Conversely, I was just up in Ohio visiting a course which has an ongoing tree removal program during the winter.  Only the cost of removal is an issue and the club now has its own chipper.  Ditto for a course I visited in CO last month.  Funny how stereotypes are often so wrong.       

Jon Wiggett

  • Karma: +0/-0

Lou,


you are spot on and it is unfortunate that many of the rules and guidelines end up doing the opposite of that which would be desired.


In the end the like for like is silly as there is no natural example of this nor is it desirable. What clubs and the authorities should be looking for is a long term (i.e. 100 year+) general plan for the maintenance of the trees/bushes which is assessed on a rolling basis in respect to the yearly work done. If you fell a 100 year old tree then it might be replaced by 3 saplings though not necessarily in the same place and probably 2 of these 3 will be thinned out in the first few decades.
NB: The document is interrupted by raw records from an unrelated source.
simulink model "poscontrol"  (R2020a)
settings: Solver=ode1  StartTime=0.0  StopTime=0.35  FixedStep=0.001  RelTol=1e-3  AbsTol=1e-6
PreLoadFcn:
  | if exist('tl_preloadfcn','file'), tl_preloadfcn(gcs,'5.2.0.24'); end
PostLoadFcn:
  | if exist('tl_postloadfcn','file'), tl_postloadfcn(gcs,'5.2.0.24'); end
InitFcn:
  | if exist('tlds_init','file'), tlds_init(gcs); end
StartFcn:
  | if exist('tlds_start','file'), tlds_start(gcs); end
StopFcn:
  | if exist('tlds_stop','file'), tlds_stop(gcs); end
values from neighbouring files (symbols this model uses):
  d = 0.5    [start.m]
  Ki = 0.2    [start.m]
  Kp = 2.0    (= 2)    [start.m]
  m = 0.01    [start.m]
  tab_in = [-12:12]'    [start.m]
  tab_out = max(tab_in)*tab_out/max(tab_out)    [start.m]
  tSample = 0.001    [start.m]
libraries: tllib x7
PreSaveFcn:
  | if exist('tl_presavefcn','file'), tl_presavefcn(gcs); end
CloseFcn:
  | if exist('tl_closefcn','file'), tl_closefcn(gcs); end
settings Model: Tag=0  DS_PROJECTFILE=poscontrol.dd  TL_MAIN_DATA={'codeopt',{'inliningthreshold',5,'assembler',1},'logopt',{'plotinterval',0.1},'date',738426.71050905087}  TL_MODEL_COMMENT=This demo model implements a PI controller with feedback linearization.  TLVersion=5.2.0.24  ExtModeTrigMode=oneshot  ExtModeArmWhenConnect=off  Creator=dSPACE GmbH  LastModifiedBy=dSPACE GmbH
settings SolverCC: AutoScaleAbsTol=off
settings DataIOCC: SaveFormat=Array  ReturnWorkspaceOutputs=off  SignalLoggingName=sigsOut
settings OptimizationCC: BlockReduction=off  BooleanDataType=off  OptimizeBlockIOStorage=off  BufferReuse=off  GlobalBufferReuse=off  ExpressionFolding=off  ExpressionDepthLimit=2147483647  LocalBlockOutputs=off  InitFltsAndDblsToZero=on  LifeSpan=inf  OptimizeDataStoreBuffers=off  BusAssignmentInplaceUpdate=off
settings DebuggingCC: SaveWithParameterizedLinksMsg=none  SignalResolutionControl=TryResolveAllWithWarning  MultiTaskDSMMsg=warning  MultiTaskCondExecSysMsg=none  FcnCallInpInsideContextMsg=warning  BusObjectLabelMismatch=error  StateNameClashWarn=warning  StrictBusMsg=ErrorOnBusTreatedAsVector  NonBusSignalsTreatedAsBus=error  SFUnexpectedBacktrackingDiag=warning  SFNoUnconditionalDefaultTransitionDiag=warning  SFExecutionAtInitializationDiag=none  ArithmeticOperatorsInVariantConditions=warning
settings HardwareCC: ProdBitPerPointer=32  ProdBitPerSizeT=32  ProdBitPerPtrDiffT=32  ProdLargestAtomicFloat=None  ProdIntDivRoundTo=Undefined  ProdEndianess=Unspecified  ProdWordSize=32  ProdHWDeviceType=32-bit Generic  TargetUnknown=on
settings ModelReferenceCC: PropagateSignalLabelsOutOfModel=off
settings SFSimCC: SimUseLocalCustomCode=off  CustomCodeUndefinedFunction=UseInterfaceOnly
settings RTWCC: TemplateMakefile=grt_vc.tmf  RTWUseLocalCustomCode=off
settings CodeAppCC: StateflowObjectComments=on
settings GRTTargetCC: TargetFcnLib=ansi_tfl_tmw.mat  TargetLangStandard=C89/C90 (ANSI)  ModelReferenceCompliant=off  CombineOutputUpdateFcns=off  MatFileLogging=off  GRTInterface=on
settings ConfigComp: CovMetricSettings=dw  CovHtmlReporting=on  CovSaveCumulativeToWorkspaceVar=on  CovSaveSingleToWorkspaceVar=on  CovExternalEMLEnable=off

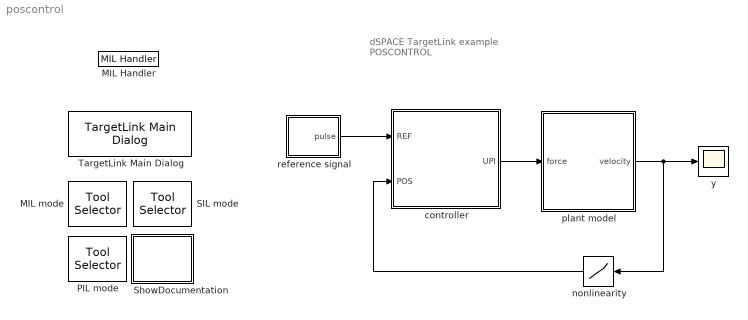
== system poscontrol ==
  note: dSPACE TargetLink example
      | POSCONTROL
  MIL Handler : tllib/MIL Handler  data={'date',738426.71051353007}
      settings: SourceProductName=dSPACE TargetLink common blockset
  MIL mode : tllib/Tool Selector  Description=MIL\nmode  data={'date',738426.710515243}
      settings: SourceProductName=dSPACE TargetLink common blockset
  PIL mode : tllib/Tool Selector  Description=PIL\nmode  data={'date',738426.71051530098}
      settings: SourceProductName=dSPACE TargetLink common blockset
  SIL mode : tllib/Tool Selector  Description=SIL\nmode  data={'date',738426.71051535883}
      settings: SourceProductName=dSPACE TargetLink common blockset
  ShowDocumentation : Subsystem
      settings: OpenFcn=if exist('tl_demos','file')==2,web([tl_get_specialfolder('TLInstallation'),'\Matlab\Demos\poscontrol\html\poscontrol.html']), end
      mask Display: disp('?')
  TargetLink Main Dialog : tllib/TargetLink Main Dialog  data=[]
      settings: SourceProductName=dSPACE TargetLink common blockset
  controller : Subsystem  Tag=TargetLink Simulation Frame  mask(TL_SimFrame){}
      settings: CopyFcn=if exist('tl_copyfcn','file'), tl_copyfcn(gcbh); end  NameChangeFcn=if exist('tl_framenamechangefcn','file'), tl_framenamechangefcn(gcbh); end
      settings: OpenFcn=|
      | if exist('open_tlsubsystem','file')
      |    open_tlsubsystem(gcbh);
      | else
      |    tlsubsystem = ...
      |       find_system(gcb, ...
      |       'LookUnderMasks','on', ...
      |       'FollowLinks','on', ...
      |       'Tag','MIL Subsystem');
      |    open_system(tlsubsystem);
      | end
      mask Display: disp('TargetLink\nModel-\nin-the-loop\nmode')
  nonlinearity : Lookup  InputValues=tab_in  Table=tab_out  SaturateOnIntegerOverflow=on
  plant model : Subsystem
  reference signal : Subsystem
  y : Scope
  wires:
  plant model/1(velocity) -> y/1, nonlinearity/1
  nonlinearity/1 -> controller/2(POS)
  controller/1(UPI) -> plant model/1(force)
  reference signal/1(pulse) -> controller/1(REF)

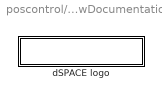
== system poscontrol/ShowDocumentation ==
  dSPACE logo : Subsystem
      mask Display: image(ds_get_icon('dspace_logo_bg_white_l'))

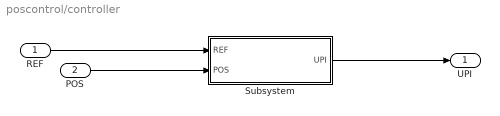
== system poscontrol/controller ==
  REF : Inport  SampleTime=tSample
  POS : Inport  Port=2  SampleTime=tSample
  Subsystem : Subsystem  Tag=struct('sfcnName','controller_sf','subFunction','','srcSubsystem','')  mask(TL_Enable){}
      settings: OpenFcn=warndlg(get_param(gcb,'MaskHelp'),'Serious Warning');
      mask Help: This subsystem keeps the TargetLink subsystem (subsystem with TargetLink blocks for production code generation), and is needed for the TargetLink simulation frame to work properly. DO NOT DELETE OR MODIFY IT!
  UPI : Outport  InitialOutput=0  VectorParamsAs1DForOutWhenUnconnected=off
  wires:
  REF/1 -> Subsystem/1(REF)
  POS/1 -> Subsystem/2(POS)
  Subsystem/1(UPI) -> UPI/1

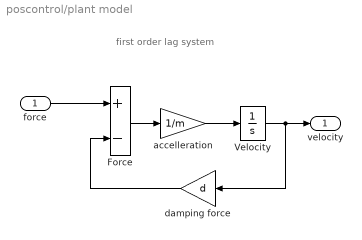
== system poscontrol/plant model ==
  note: first order lag system
  force : Inport
  Force : Sum  Inputs=+-  InputSameDT=on  SaturateOnIntegerOverflow=on  OutDataTypeStr=Inherit: Same as first input
  Velocity : Integrator
  accelleration : Gain  Gain=1/m  SaturateOnIntegerOverflow=on  OutDataTypeStr=Inherit: Same as input  ParamDataTypeStr=Inherit: Same as input
  damping force : Gain  Gain=d  SaturateOnIntegerOverflow=on  OutDataTypeStr=Inherit: Same as input  ParamDataTypeStr=Inherit: Same as input
  velocity : Outport  InitialOutput=0  VectorParamsAs1DForOutWhenUnconnected=off
  wires:
  Force/1 -> accelleration/1
  accelleration/1 -> Velocity/1
  force/1 -> Force/1
  Velocity/1 -> damping force/1, velocity/1
  damping force/1 -> Force/2

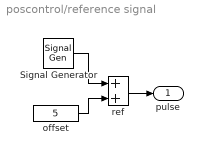
== system poscontrol/reference signal ==
  Signal Generator : SignalGenerator  WaveForm=square  Amplitude=5  Frequency=5
  offset : Constant  Value=5
  ref : Sum  InputSameDT=on  SaturateOnIntegerOverflow=on  OutDataTypeStr=Inherit: Same as first input
  pulse : Outport  InitialOutput=0  VectorParamsAs1DForOutWhenUnconnected=off
  wires:
  Signal Generator/1 -> ref/1
  offset/1 -> ref/2
  ref/1 -> pulse/1

== system poscontrol/ShowDocumentation/dSPACE logo ==

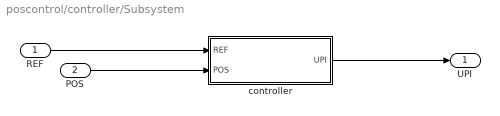
== system poscontrol/controller/Subsystem ==
  REF : Inport
  POS : Inport  Port=2
  controller : Subsystem  Tag=MIL Subsystem  Description=Ctrl  LoadFcn=|
      | if exist('TargetLink.SimFrameHandler.TLSubsystem','class')
      |     TargetLink.SimFrameHandler.TLSubsystem.CreateWatchDog(gcbh);
      | end
      settings: CopyFcn=if exist('tl_copyfcn','file'), tl_copyfcn(gcbh); end  NameChangeFcn=if exist('tl_namechangefcn','file'), tl_namechangefcn(gcbh); end  DestroyFcn=if exist('update_tl_main_dlg','file'), update_tl_main_dlg('TL_subs_display'); end
      mask Display: disp('TargetLink Subsystem')
  UPI : Outport  VectorParamsAs1DForOutWhenUnconnected=off
  wires:
  REF/1 -> controller/1(REF)
  POS/1 -> controller/2(POS)
  controller/1(UPI) -> UPI/1

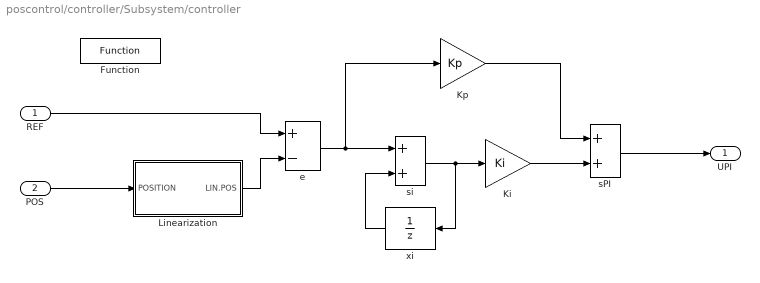
== system poscontrol/controller/Subsystem/controller ==
  REF : Inport  PortDimensions=1  SampleTime=tSample  mask(TL_Inport){data={'logdata',{'plotchannels',1},'output',{'variable','Reference'},'date',738426.71051222226}}
      settings: CopyFcn=if exist('copy_tlblock','file')==2,copy_tlblock(gcbh);end  DeleteFcn=if exist('delete_tlblock','file')==2,delete_tlblock(gcbh);end  NameChangeFcn=if exist('rename_tlblock','file')==2,rename_tlblock(gcbh);end  OpenFcn=if exist('tl_open_blockdlg','file')==2,tl_open_blockdlg(gcbh);else,open_system(gcbh,'force');end
      mask Help: eval(['if exist(''tl_online_help'',''file'') == 2, tl_online_help(''Topic'',''TL_Inport''),else, web([''jar:file:///'',matlabroot,''/help/toolbox/simulink/help.jar!/slref/' lower(get_param(gcbh,'Blocktype')) '.html''], ''-helpbrowser''),end'])
      mask Display:
      | [x,y] = tlDrawBrandOnBlockIcon(gcbh);
      | plot(x,y);
  POS : Inport  Port=2  PortDimensions=1  SampleTime=tSample  mask(TL_Inport){data={'logdata',{'plotchannels',1},'output',{'variable','Position'},'date',738426.71051254624}}
      settings: CopyFcn=if exist('copy_tlblock','file')==2,copy_tlblock(gcbh);end  DeleteFcn=if exist('delete_tlblock','file')==2,delete_tlblock(gcbh);end  NameChangeFcn=if exist('rename_tlblock','file')==2,rename_tlblock(gcbh);end  OpenFcn=if exist('tl_open_blockdlg','file')==2,tl_open_blockdlg(gcbh);else,open_system(gcbh,'force');end
      mask Help: eval(['if exist(''tl_online_help'',''file'') == 2, tl_online_help(''Topic'',''TL_Inport''),else, web([''jar:file:///'',matlabroot,''/help/toolbox/simulink/help.jar!/slref/' lower(get_param(gcbh,'Blocktype')) '.html''], ''-helpbrowser''),end'])
      mask Display:
      | [x,y] = tlDrawBrandOnBlockIcon(gcbh);
      | plot(x,y);
  Function : tllib/Function  data={'description',['controller function'],'stepfunctionname','Controller','restartfunctionname','RESTART_Controller','initfunctionname','INIT_Controller','termfunctionname','TERM_Controller','subsystemid','Ctrl','module','Controller','blockobject','ControllerSystem','signature','Controller','date',738426.71051069442}  displayString=FUNCTION
      settings: SourceProductName=dSPACE TargetLink common blockset
  Ki : Gain  Tag="Gain block of the dSPACE Fixed Point Code Generation Environment.      \\n                                                                       \\n signal is equal to the product of the input signal and the gain value:\\n\t\ty = G u"  Description=|  Gain=Ki  mask(TL_Gain){data={'logdata',{'plotchannels',1},'output',{'lsb',2^-9},'gain',{'name','P_$S_$B','type','UInt8','lsb',2^-8},'date',738426.71051127312}}
      | Gain block of dSPACE TargetLink.
      | 
      | Output signal is equal to the product of the input signal and the gain value:
      |         y = G u
      settings: CopyFcn=if exist('copy_tlblock','file')==2,copy_tlblock(gcbh);end  DeleteFcn=if exist('delete_tlblock','file')==2,delete_tlblock(gcbh);end  NameChangeFcn=if exist('rename_tlblock','file')==2,rename_tlblock(gcbh);end  OpenFcn=if exist('tl_open_blockdlg','file')==2,tl_open_blockdlg(gcbh);else,open_system(gcbh,'force');end
      mask Help: eval(['if exist(''tl_online_help'',''file'') == 2, tl_online_help(''Topic'',''TL_Gain''),else, web([''jar:file:///'',matlabroot,''/help/toolbox/simulink/help.jar!/slref/' lower(get_param(gcbh,'Blocktype')) '.html''], ''-helpbrowser''),end'])
      mask Display:
      | [x,y] = tlDrawBrandOnBlockIcon(gcbh);
      | plot(x,y);
  Kp : Gain  Description=|  Gain=Kp  mask(TL_Gain){data={'logdata',{'plotchannels',1},'output',{'lsb',2^-9},'gain',{'name','P_$S_$B','type','UInt8','lsb',2^-6},'date',738426.71051157406}}
      | Gain block of dSPACE TargetLink.
      | 
      | Output signal is equal to the product of the input signal and the gain value:
      |         y = G u
      settings: CopyFcn=if exist('copy_tlblock','file')==2,copy_tlblock(gcbh);end  DeleteFcn=if exist('delete_tlblock','file')==2,delete_tlblock(gcbh);end  NameChangeFcn=if exist('rename_tlblock','file')==2,rename_tlblock(gcbh);end  OpenFcn=if exist('tl_open_blockdlg','file')==2,tl_open_blockdlg(gcbh);else,open_system(gcbh,'force');end
      mask Help: eval(['if exist(''tl_online_help'',''file'') == 2, tl_online_help(''Topic'',''TL_Gain''),else, web([''jar:file:///'',matlabroot,''/help/toolbox/simulink/help.jar!/slref/' lower(get_param(gcbh,'Blocktype')) '.html''], ''-helpbrowser''),end'])
      mask Display:
      | [x,y] = tlDrawBrandOnBlockIcon(gcbh);
      | plot(x,y);
  Linearization : Subsystem  TreatAsAtomicUnit=on
  e : Sum  Description=|  Inputs=+-  mask(TL_Sum){data={'logdata',{'maxnumvals',4096,'plotchannels',1},'output',{'lsb',2^-10},'date',738426.71051450237}}
      | Sum block of dSPACE TargetLink.
      | 
      | Output signal is equal to the sum of the input signals.
      | The list of signs is specified according to conventions for Simulink Sum blocks.
      settings: CopyFcn=if exist('copy_tlblock','file')==2,copy_tlblock(gcbh);end  DeleteFcn=if exist('delete_tlblock','file')==2,delete_tlblock(gcbh);end  NameChangeFcn=if exist('rename_tlblock','file')==2,rename_tlblock(gcbh);end  OpenFcn=if exist('tl_open_blockdlg','file')==2,tl_open_blockdlg(gcbh);else,open_system(gcbh,'force');end
      mask Help: eval(['if exist(''tl_online_help'',''file'') == 2, tl_online_help(''Topic'',''TL_Sum''),else, web([''jar:file:///'',matlabroot,''/help/toolbox/simulink/help.jar!/slref/' lower(get_param(gcbh,'Blocktype')) '.html''], ''-helpbrowser''),end'])
      mask Display:
      | [x,y] = tlDrawBrandOnBlockIcon(gcbh);
      | plot(x,y);
  sPI : Sum  Tag="Sum block of the dSPACE Fixed Point Code Generation Environment.\\n                                                                \\nOutput signal is equal to the sum of the two input signals:     \\n                                                                \\n\t\ty = u1 - u2"  Description=|  mask(TL_Sum){data={'logdata',{'plotchannels',1},'output',{'variable','SPI'},'date',738426.71051469911}}
      | Sum block of dSPACE TargetLink.
      | 
      | Output signal is equal to the sum of the input signals.
      | The list of signs is specified according to conventions for Simulink Sum blocks.
      settings: CopyFcn=if exist('copy_tlblock','file')==2,copy_tlblock(gcbh);end  DeleteFcn=if exist('delete_tlblock','file')==2,delete_tlblock(gcbh);end  NameChangeFcn=if exist('rename_tlblock','file')==2,rename_tlblock(gcbh);end  OpenFcn=if exist('tl_open_blockdlg','file')==2,tl_open_blockdlg(gcbh);else,open_system(gcbh,'force');end
      mask Help: eval(['if exist(''tl_online_help'',''file'') == 2, tl_online_help(''Topic'',''TL_Sum''),else, web([''jar:file:///'',matlabroot,''/help/toolbox/simulink/help.jar!/slref/' lower(get_param(gcbh,'Blocktype')) '.html''], ''-helpbrowser''),end'])
      mask Display:
      | [x,y] = tlDrawBrandOnBlockIcon(gcbh);
      | plot(x,y);
  si : Sum  Tag="Sum block of the dSPACE Fixed Point Code Generation Environment.\\n                                                                \\nOutput signal is equal to the sum of the two input signals:     \\n                                                                \\n\t\ty = u1 - u2"  Description=|  mask(TL_Sum){data={'logdata',{'plotchannels',1},'output',{'lsb',2^-9},'date',738426.71051488421}}
      | Sum block of dSPACE TargetLink.
      | 
      | Output signal is equal to the sum of the input signals.
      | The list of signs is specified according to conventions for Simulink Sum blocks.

It is the overall picture that is important not the details.


Jon

Lou_Duran

  • Karma: +0/-0
Jon,

Talk about unintended consequences, as Dallas was passing its tree ordinance and other cities in the area were in the process of following suit, numerous large owners of commercial tracts clear-cut their properties preemptively.  Mind you that specimen trees- pecans and oaks primarily- add great value to the land, especially residential lots, and developers in the past took great care to save some of those as they completed the site work and construction.  Post tree ordinance, it became much cheaper to go back and include new trees as part of the landscape plan, most which were of the cheap, fast-growing/dying, crappy variety (Bradford Pear, swamp cypress, cedar elm, poplar, etc.).

I've read that the U.S. has more treed acreage today than it did at the time of the founding.  Most tree ordinances are more tax policy than conservation/ecology.  I would bet that if someone would audit the city's revenues for tree replacement against actual trees planted, that a very large variance would be found.  Like the gasoline tax here, those revenues fund numerous other things than advertised.

Jerry Kluger

  • Karma: +0/-0
I lived near Congressional for more than 30 years and I am very familiar with the courses in the area as well as the policies of the local government.  I believe the history of Congressional includes its use as a military facility during WWII.  After the war up to the 1970s it was common for parkland courses in that area to plant hundreds and hundreds of trees with the purpose to create visual hole separation.  Most of those trees were cheap pines that had a limited life expectancy and were really ugly. 


I was a member at course that was about 10 miles from Congressional which had 2 courses.  The owners sold the club to a housing developer and it was planned that houses would be built around a new course.  The architects submitted a plan for the course and they were told that holes could not include shots that required going over a stream that ran through the course.  They did allow for the removal of hundreds of trees to build the course and the houses.   The architects could not come up with a plan to deal with the stream issue so the developer decided not to build a new course and just built more houses.  I guess asphalt, water runoff from houses, etc. were preferred.


I don't know how many of you are familiar with Montgomery County, Maryland but it is one of the highest income counties in the country and there is so much building going on - and incidental removal of trees - that to challenge Congressional for their tree removal is absurd.